To do - From the records below, print exactly the lines starting at the one containing "loft(mode=Mode.SUBTRACT)" and ending at the one containing "# 草图21 → 切除-拉伸1 (cut)", ends included, and nothing else.

====================

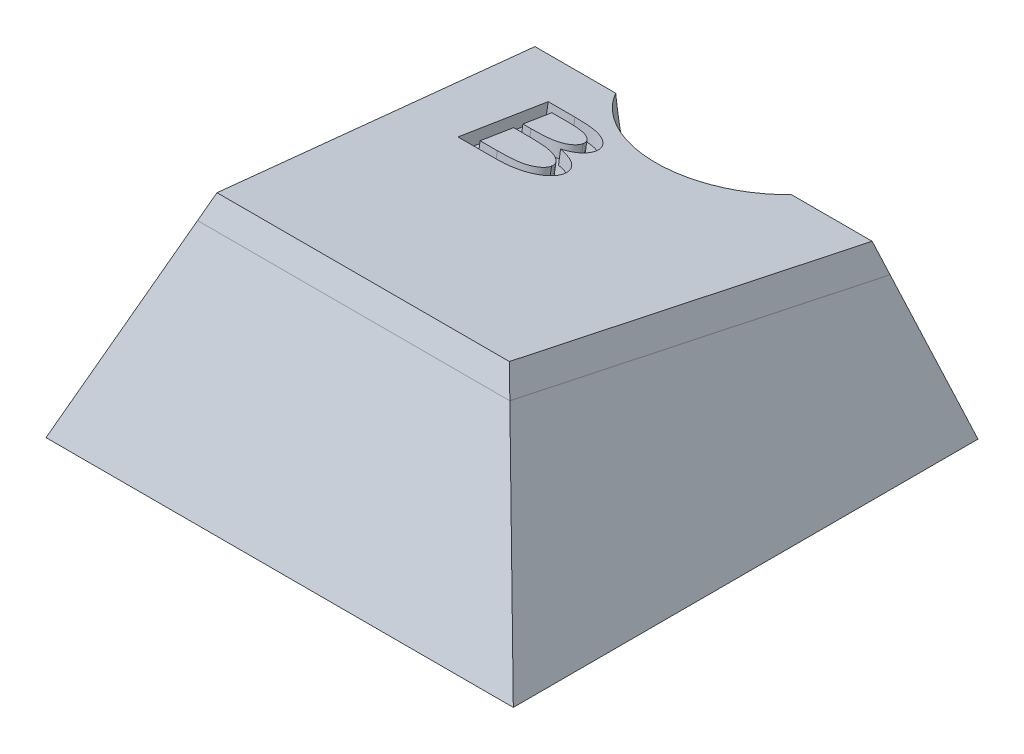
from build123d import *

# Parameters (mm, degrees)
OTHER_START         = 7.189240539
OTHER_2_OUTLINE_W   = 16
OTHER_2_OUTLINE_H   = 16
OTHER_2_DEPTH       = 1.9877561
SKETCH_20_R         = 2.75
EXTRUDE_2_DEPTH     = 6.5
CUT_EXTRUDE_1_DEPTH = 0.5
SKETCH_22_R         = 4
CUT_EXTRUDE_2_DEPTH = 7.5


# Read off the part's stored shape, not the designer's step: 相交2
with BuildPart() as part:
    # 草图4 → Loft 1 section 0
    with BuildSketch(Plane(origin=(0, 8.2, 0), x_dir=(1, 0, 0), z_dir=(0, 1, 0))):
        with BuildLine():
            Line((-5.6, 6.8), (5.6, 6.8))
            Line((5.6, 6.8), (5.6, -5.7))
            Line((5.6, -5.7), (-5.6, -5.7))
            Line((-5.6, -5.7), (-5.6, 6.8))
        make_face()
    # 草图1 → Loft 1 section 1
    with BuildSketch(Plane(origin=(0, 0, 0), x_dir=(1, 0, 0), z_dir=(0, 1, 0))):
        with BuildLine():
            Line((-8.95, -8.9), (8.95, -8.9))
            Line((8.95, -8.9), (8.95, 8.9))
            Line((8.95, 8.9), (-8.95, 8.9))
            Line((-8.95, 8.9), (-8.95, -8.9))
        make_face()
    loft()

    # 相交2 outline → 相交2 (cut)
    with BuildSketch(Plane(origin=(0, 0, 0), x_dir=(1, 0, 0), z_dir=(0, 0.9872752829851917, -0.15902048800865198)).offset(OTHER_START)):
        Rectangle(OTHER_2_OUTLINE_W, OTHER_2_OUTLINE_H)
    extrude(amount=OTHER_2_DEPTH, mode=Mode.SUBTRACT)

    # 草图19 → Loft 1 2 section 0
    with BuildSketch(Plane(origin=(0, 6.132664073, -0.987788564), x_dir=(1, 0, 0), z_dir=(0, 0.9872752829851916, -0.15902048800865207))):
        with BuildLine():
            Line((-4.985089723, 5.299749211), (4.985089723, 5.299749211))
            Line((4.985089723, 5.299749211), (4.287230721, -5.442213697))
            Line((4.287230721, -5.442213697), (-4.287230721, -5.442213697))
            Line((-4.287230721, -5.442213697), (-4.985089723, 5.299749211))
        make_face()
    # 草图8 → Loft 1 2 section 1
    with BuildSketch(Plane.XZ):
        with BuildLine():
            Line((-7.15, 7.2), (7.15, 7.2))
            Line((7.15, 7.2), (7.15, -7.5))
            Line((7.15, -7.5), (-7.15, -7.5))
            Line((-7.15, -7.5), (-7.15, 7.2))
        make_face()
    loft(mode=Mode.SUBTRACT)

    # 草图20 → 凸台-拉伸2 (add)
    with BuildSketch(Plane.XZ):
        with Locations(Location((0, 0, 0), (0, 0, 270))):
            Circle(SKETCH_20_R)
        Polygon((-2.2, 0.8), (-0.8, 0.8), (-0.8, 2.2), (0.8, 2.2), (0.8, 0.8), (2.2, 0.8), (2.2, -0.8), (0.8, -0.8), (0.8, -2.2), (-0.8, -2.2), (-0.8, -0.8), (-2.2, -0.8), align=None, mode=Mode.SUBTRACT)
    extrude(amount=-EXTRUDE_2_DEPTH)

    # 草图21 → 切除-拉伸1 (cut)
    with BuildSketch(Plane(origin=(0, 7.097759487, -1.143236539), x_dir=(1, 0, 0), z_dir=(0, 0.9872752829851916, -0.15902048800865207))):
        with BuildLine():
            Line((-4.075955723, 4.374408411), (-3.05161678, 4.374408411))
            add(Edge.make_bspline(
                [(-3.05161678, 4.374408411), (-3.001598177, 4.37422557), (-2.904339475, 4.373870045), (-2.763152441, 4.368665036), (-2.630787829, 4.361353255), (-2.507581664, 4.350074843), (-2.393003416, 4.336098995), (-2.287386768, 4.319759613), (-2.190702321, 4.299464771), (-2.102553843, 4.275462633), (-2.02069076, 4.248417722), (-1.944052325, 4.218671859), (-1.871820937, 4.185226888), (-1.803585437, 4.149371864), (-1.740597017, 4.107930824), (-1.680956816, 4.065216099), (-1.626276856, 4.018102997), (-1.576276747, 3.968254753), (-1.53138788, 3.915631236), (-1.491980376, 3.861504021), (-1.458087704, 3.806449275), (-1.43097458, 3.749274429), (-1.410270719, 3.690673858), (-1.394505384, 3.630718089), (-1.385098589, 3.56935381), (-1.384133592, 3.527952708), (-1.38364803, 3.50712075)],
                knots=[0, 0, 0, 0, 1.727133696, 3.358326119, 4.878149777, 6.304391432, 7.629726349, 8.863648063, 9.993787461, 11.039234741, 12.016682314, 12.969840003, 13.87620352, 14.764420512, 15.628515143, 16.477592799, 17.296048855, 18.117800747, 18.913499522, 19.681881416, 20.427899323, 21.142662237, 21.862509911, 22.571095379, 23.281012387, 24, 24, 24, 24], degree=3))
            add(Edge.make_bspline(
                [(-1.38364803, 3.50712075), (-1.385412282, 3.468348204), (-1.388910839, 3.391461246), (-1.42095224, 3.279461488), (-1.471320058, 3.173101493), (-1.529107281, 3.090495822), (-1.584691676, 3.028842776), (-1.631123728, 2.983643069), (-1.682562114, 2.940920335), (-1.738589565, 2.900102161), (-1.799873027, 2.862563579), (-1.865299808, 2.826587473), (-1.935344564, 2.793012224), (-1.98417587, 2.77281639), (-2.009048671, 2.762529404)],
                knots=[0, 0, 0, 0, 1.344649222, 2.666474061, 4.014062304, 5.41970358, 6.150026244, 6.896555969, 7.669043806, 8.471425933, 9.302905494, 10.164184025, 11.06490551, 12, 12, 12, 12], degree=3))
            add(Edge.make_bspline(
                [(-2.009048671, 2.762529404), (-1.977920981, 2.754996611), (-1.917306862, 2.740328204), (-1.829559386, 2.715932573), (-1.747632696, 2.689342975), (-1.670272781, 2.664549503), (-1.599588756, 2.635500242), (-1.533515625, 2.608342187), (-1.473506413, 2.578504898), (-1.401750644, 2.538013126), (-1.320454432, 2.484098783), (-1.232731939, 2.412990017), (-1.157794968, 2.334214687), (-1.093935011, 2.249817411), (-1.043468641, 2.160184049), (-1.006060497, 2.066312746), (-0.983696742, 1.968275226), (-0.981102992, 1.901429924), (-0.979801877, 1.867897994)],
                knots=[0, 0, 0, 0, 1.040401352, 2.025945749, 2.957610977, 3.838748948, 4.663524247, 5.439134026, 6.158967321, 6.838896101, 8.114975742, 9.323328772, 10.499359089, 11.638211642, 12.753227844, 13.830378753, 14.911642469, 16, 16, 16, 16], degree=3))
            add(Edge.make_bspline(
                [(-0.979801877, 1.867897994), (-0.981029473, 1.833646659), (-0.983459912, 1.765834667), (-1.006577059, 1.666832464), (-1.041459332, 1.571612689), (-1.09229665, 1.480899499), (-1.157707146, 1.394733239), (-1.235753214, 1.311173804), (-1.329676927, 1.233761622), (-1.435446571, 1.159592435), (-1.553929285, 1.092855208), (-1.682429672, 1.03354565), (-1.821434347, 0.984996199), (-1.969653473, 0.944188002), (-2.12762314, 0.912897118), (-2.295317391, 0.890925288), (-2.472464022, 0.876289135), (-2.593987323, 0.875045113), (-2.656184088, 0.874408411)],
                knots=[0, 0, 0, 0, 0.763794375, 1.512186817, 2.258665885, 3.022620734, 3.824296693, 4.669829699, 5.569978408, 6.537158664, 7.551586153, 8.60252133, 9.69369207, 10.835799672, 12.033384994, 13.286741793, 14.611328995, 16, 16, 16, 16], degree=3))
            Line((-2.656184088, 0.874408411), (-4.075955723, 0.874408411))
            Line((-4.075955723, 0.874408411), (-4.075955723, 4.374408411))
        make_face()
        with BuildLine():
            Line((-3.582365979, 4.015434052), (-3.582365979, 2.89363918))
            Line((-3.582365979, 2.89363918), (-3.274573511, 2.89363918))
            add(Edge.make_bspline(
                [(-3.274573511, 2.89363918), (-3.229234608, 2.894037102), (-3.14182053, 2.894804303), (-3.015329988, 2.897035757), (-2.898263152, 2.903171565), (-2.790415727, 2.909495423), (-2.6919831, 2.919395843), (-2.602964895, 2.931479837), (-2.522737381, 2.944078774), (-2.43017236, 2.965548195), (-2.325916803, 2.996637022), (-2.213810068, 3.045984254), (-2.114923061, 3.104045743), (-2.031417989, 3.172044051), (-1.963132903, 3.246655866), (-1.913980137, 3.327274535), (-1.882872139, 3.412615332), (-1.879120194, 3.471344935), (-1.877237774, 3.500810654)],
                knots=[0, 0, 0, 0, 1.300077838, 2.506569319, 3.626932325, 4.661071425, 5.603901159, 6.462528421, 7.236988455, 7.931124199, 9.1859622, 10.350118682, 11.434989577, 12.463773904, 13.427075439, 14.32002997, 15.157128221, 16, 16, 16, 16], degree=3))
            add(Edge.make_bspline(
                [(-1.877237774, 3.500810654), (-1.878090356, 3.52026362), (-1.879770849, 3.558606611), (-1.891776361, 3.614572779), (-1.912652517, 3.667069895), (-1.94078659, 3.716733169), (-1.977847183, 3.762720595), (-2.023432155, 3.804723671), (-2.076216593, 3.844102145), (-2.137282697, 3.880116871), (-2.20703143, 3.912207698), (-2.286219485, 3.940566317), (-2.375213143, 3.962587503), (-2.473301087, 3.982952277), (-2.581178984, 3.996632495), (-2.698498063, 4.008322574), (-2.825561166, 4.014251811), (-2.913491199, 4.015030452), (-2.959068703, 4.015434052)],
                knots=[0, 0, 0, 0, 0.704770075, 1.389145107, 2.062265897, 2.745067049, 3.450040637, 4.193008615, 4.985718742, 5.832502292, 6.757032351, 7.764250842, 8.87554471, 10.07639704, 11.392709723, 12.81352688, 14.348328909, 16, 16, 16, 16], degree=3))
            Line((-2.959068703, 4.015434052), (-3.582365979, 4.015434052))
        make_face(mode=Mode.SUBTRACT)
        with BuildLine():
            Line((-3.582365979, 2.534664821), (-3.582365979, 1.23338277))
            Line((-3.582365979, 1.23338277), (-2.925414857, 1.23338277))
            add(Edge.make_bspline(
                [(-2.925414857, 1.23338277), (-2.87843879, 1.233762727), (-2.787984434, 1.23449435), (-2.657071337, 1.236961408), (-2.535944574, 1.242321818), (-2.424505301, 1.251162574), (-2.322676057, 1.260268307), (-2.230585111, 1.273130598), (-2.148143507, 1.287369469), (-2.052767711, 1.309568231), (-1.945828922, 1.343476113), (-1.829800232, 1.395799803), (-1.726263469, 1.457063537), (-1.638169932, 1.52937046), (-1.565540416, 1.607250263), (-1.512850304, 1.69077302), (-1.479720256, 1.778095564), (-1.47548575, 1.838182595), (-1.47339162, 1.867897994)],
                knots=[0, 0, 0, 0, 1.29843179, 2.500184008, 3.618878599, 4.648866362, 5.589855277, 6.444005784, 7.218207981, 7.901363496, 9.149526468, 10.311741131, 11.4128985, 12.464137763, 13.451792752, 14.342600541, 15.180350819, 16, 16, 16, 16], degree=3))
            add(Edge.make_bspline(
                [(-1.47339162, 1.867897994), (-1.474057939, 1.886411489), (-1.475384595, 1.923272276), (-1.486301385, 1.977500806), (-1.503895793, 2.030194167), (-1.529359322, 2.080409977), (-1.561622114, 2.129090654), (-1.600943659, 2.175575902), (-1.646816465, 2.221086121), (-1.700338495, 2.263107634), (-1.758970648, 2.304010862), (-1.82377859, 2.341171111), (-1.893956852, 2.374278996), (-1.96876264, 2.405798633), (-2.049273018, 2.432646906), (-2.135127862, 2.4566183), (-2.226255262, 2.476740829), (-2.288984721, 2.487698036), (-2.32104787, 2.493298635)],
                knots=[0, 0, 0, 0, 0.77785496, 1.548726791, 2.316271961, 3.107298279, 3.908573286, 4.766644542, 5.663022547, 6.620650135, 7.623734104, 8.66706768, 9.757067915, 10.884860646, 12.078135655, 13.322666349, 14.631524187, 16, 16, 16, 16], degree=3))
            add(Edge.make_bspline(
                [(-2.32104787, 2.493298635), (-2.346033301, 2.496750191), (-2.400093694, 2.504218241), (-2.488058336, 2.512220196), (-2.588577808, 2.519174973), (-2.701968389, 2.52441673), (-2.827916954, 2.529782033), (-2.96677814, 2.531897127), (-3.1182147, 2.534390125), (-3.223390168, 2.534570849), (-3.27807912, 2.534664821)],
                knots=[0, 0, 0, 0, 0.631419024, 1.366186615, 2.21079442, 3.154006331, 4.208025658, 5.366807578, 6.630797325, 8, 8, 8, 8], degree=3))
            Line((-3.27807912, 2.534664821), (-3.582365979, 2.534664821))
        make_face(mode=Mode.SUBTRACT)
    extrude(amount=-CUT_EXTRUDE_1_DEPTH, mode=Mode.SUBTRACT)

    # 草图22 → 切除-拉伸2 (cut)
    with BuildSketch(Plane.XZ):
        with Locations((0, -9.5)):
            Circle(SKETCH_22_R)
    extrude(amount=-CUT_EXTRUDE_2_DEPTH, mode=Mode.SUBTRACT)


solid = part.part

====================

Solution for this task -
    loft(mode=Mode.SUBTRACT)

    # 草图20 → 凸台-拉伸2 (add)
    with BuildSketch(Plane.XZ):
        with Locations(Location((0, 0, 0), (0, 0, 270))):
            Circle(SKETCH_20_R)
        Polygon((-2.2, 0.8), (-0.8, 0.8), (-0.8, 2.2), (0.8, 2.2), (0.8, 0.8), (2.2, 0.8), (2.2, -0.8), (0.8, -0.8), (0.8, -2.2), (-0.8, -2.2), (-0.8, -0.8), (-2.2, -0.8), align=None, mode=Mode.SUBTRACT)
    extrude(amount=-EXTRUDE_2_DEPTH)

    # 草图21 → 切除-拉伸1 (cut)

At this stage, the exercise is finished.